Research & Papers

A Data-Driven Analysis for Engineering Conferences: The Institute of Industrial and Systems Engineering (IISE) Annual Conference Proceedings (2002-2025)

AI analyzed 9,350 conference papers to reveal the intellectual evolution of an entire engineering field.

Deep Dive

Researchers H. Sinan Bank and Casey E. Eaton have published a novel computational analysis that charts the intellectual history of Industrial and Systems Engineering (ISE) using AI. Their paper, 'A Data-Driven Analysis for Engineering Conferences,' leverages Large Language Models (LLMs) for domain-aware classification, Natural Language Processing (NLP), and Network Science to systematically analyze 24 years of IISE Annual Conference proceedings. This approach overcomes the limitations of traditional literature reviews by processing the massive scale of scholarship—an initial dataset of 9,350 paper titles for thematic analysis and 8,958 for citation tracking—to reveal the field's thematic shifts and complex collaboration networks over two decades.

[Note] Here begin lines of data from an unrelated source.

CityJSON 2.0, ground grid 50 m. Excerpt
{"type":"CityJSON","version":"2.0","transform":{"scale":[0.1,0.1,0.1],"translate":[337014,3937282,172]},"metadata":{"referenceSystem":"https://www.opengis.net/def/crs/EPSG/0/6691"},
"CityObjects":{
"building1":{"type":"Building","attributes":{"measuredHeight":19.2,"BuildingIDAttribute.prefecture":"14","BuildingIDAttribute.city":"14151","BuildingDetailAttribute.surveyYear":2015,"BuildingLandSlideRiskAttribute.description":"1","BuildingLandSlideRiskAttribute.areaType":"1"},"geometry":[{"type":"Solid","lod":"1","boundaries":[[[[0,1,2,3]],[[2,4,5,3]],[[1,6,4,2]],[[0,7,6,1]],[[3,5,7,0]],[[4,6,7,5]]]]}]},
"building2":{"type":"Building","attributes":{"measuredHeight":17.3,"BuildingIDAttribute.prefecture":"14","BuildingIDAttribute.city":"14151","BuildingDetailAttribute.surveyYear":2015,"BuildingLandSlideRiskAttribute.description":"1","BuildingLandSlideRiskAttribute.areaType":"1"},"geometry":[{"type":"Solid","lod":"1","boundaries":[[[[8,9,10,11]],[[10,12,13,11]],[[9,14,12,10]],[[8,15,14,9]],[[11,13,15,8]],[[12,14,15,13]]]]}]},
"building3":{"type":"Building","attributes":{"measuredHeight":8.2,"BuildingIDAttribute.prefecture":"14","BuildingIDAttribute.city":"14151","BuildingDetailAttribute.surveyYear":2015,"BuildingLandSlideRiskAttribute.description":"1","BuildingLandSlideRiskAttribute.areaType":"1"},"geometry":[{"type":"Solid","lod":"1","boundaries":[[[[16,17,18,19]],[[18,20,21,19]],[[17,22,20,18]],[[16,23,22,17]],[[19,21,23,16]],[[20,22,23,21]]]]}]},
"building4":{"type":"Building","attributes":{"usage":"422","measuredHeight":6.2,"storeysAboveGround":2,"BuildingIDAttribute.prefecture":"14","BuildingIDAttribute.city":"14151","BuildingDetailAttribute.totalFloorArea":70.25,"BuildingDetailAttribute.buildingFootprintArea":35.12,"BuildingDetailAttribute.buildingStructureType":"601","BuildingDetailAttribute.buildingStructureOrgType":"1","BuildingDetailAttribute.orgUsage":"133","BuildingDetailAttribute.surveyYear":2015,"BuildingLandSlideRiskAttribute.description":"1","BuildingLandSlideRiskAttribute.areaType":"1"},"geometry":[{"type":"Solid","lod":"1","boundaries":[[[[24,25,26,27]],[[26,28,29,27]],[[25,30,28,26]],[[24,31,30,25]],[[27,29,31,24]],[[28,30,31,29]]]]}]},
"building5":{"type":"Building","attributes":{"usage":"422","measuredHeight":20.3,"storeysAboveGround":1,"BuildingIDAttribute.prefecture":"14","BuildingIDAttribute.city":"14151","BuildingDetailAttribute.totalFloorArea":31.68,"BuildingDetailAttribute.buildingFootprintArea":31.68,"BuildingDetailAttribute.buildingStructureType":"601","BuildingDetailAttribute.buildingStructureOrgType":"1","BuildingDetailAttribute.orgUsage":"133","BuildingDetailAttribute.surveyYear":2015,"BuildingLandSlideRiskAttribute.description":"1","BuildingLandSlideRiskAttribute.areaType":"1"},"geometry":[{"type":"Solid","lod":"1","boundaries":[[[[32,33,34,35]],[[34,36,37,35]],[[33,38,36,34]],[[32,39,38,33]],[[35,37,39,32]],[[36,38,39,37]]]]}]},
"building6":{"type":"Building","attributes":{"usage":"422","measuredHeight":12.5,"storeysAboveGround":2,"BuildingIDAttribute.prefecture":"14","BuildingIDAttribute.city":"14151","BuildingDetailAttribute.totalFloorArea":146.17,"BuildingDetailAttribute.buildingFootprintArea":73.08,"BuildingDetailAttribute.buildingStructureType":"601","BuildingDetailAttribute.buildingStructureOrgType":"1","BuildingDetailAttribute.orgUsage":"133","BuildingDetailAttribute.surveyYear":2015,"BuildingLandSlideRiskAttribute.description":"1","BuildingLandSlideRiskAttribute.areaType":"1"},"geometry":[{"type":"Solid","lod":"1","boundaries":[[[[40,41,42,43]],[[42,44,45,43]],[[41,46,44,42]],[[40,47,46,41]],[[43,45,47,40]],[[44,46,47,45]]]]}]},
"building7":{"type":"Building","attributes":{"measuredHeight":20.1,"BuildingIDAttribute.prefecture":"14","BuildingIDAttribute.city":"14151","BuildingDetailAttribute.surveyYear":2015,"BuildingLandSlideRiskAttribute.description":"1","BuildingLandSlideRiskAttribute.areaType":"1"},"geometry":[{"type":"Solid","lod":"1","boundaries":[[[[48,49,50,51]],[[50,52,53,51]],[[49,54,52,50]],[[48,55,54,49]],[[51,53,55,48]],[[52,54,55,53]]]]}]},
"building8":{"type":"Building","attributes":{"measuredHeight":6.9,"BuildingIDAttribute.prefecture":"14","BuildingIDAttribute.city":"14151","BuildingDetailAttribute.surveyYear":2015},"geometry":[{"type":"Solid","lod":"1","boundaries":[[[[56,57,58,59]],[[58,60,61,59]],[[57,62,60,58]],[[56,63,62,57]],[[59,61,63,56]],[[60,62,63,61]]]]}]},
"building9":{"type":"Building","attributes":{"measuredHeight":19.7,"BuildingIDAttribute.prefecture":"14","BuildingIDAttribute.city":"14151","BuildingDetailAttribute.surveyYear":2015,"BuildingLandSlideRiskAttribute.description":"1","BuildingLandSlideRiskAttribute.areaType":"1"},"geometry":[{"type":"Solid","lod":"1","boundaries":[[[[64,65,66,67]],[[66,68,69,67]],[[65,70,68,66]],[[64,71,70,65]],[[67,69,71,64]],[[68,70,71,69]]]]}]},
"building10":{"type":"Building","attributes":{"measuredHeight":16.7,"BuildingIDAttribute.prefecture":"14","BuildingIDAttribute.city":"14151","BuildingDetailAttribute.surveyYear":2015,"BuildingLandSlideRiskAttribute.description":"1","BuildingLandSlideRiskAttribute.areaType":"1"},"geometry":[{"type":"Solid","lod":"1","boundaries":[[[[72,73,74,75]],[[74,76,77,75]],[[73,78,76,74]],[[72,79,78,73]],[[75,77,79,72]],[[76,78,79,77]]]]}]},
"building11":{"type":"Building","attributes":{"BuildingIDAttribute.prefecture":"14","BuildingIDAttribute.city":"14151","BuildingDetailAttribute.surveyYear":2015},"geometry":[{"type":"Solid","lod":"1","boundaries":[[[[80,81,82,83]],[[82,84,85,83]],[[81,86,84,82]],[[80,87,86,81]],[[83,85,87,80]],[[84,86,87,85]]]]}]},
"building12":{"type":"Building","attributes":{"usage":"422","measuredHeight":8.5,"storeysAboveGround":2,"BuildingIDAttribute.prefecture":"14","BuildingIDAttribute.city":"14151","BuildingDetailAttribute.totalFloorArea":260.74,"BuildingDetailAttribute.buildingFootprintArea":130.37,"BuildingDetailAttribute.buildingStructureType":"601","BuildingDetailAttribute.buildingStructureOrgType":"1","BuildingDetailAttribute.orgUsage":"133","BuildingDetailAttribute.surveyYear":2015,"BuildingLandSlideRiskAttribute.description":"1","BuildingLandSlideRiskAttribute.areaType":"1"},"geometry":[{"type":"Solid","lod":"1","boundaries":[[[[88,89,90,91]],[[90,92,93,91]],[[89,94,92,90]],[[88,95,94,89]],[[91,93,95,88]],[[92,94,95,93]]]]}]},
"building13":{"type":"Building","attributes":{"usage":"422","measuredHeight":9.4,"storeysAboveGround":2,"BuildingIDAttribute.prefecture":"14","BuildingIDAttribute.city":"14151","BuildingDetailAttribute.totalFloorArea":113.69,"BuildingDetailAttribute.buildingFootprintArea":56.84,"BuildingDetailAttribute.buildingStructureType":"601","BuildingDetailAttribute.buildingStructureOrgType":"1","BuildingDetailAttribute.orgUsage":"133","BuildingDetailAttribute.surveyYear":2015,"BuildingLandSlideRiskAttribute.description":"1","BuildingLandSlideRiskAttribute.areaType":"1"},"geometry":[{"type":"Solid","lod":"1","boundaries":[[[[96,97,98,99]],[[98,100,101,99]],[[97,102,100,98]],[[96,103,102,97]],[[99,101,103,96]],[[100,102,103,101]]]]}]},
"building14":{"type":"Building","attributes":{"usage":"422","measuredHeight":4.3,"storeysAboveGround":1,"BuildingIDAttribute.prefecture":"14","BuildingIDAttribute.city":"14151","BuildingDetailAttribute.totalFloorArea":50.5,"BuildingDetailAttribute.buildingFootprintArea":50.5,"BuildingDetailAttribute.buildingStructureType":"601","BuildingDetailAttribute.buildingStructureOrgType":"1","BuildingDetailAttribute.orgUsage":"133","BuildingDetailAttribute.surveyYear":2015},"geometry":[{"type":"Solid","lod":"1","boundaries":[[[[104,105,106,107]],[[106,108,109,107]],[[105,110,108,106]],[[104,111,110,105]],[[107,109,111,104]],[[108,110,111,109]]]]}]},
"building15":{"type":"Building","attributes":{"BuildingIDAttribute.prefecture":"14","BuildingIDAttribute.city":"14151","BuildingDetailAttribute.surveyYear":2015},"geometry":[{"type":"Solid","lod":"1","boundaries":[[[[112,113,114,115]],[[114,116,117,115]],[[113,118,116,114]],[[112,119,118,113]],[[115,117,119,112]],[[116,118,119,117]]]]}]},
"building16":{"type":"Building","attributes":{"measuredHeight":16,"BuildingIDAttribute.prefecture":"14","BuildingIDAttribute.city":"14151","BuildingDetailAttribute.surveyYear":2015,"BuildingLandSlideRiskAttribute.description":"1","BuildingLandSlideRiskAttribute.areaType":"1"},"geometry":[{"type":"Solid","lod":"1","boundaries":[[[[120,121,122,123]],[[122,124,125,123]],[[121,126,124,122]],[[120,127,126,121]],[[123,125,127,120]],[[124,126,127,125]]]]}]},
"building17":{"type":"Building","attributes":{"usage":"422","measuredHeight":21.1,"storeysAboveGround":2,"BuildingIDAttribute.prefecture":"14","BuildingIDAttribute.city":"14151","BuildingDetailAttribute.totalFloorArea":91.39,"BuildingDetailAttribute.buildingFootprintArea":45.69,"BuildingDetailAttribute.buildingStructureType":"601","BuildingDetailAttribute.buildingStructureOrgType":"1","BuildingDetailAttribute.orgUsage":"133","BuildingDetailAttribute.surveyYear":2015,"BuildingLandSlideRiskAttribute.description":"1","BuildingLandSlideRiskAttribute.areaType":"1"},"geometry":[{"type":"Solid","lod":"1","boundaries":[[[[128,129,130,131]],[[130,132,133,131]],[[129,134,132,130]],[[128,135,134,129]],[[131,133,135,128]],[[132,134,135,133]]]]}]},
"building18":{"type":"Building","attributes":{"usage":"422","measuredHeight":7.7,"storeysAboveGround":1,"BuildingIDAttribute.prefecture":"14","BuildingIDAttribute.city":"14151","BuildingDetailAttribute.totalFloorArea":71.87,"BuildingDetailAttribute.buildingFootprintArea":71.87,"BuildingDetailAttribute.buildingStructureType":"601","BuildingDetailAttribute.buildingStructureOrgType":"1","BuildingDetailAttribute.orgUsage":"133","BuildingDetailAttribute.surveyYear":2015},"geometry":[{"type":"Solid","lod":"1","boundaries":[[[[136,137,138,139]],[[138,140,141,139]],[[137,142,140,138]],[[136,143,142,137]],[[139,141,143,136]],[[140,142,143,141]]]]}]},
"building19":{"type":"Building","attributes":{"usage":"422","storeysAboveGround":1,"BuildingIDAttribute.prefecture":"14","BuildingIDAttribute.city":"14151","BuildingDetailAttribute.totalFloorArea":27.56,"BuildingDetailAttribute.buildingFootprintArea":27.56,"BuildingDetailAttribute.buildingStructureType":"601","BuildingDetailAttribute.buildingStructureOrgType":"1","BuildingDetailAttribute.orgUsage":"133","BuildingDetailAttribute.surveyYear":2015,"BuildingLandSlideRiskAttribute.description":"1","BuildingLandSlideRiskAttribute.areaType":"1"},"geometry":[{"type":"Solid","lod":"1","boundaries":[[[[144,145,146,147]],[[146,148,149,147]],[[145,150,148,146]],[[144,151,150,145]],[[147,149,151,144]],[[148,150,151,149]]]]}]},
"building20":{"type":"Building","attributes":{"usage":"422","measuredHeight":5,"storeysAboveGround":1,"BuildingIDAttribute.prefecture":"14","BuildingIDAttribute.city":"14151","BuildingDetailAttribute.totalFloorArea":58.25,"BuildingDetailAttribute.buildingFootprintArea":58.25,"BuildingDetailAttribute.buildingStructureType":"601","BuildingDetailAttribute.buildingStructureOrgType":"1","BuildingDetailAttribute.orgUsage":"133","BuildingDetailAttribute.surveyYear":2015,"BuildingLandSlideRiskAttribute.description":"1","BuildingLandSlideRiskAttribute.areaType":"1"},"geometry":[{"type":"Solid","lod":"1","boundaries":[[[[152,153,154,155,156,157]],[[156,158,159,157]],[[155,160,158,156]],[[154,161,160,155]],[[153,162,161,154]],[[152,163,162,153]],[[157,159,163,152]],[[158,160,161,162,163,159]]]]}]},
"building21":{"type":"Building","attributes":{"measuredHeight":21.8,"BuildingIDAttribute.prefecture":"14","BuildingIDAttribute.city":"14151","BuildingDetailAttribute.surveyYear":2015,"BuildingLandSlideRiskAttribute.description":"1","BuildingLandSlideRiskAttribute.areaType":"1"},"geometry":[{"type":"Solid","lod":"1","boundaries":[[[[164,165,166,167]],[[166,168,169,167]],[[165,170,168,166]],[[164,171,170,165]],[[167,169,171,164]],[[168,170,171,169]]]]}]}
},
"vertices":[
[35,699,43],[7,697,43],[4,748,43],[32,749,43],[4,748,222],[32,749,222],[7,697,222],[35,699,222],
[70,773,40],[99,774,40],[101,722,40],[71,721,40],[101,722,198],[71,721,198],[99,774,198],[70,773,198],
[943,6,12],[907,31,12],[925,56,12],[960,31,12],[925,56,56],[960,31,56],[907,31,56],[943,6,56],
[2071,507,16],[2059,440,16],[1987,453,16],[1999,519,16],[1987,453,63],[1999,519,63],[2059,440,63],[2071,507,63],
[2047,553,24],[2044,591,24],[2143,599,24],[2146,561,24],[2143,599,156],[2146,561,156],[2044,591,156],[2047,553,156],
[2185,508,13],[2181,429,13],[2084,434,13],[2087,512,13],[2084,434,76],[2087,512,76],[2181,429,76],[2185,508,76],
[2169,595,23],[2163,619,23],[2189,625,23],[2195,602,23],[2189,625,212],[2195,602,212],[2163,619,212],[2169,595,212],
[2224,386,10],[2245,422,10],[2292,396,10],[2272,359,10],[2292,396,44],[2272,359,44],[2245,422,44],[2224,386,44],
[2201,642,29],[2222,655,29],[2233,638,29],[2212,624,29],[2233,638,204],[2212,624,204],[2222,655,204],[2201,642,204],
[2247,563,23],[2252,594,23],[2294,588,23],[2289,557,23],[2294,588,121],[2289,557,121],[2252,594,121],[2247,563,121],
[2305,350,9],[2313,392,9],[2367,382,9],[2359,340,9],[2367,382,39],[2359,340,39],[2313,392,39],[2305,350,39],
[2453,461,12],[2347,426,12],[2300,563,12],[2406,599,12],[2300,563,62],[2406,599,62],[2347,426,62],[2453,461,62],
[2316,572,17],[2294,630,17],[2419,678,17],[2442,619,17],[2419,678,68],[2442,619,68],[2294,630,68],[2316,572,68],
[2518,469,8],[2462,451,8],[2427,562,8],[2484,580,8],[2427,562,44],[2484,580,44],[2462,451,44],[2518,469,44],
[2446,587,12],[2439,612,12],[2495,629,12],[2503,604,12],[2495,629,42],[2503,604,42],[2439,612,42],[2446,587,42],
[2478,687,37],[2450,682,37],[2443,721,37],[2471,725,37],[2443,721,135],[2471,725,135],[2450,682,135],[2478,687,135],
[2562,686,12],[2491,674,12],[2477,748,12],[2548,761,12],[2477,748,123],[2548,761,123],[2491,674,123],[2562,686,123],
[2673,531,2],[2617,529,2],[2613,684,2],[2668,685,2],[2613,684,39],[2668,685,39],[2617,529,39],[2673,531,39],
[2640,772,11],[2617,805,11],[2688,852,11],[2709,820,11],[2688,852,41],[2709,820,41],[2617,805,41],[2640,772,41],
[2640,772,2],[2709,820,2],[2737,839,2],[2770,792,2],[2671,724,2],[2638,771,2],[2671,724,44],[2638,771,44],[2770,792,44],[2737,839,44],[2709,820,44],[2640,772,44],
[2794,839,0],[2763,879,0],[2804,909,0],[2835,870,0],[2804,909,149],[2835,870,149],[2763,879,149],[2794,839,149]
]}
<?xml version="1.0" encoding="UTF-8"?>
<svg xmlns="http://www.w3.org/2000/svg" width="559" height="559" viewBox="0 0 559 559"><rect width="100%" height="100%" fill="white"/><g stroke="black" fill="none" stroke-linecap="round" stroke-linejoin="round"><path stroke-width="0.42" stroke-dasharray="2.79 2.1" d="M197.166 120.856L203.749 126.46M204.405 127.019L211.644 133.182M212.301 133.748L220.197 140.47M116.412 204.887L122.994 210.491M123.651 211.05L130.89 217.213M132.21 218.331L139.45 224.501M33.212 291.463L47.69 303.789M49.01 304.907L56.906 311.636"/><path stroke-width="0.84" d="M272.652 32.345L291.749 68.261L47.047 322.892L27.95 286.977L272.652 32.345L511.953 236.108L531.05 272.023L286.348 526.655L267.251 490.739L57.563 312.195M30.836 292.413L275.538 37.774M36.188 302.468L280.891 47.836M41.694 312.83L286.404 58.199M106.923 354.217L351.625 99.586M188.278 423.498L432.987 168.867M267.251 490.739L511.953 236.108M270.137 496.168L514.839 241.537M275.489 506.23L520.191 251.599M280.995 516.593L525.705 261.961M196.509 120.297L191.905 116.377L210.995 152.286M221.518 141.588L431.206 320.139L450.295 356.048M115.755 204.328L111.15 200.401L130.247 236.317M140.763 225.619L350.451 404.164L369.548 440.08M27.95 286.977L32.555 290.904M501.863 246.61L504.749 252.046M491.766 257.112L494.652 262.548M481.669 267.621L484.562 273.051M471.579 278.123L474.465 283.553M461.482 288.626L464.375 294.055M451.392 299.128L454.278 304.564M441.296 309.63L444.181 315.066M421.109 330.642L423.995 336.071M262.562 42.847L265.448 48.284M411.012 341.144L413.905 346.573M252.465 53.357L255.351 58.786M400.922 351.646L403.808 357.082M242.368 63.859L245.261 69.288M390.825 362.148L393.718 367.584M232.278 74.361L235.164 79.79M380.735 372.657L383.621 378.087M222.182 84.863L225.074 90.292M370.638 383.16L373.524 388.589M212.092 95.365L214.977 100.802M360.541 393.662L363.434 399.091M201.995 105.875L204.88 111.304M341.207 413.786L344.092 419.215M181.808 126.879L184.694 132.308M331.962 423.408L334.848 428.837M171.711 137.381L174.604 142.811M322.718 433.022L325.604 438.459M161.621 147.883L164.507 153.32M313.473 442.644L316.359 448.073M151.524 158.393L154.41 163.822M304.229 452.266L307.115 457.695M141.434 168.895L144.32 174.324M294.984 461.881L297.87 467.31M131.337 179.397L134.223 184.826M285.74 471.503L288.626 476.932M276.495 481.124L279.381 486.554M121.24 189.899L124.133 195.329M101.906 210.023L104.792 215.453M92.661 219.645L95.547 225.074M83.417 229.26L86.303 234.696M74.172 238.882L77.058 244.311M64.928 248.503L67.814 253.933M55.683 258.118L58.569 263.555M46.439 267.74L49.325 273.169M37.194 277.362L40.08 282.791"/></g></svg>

The study provides a comprehensive 'cartography' of the ISE field, identifying which research topics have been dominant, which are emerging, and which are receding. By analyzing citation data and co-authorship networks, it also uncovers influential papers and authors, offering critical insights into knowledge diffusion and community structure. The researchers will make their curated dataset publicly available to foster reproducibility. This work establishes a data-informed baseline for understanding the trajectory of ISE research, offering a powerful new tool for researchers, practitioners, and educators to guide the field's future direction based on empirical evidence of its past.

Key Points
  • Used LLMs and NLP to analyze 9,350 conference paper titles and 8,958 citations from 2002-2025
  • Maps thematic evolution to identify dominant, emerging, and receding research topics in Industrial Engineering
  • Full curated dataset and results will be made publicly available for reproducibility and further research

Why It Matters

Demonstrates a scalable, AI-powered method to map the evolution of entire academic fields, guiding future research investment.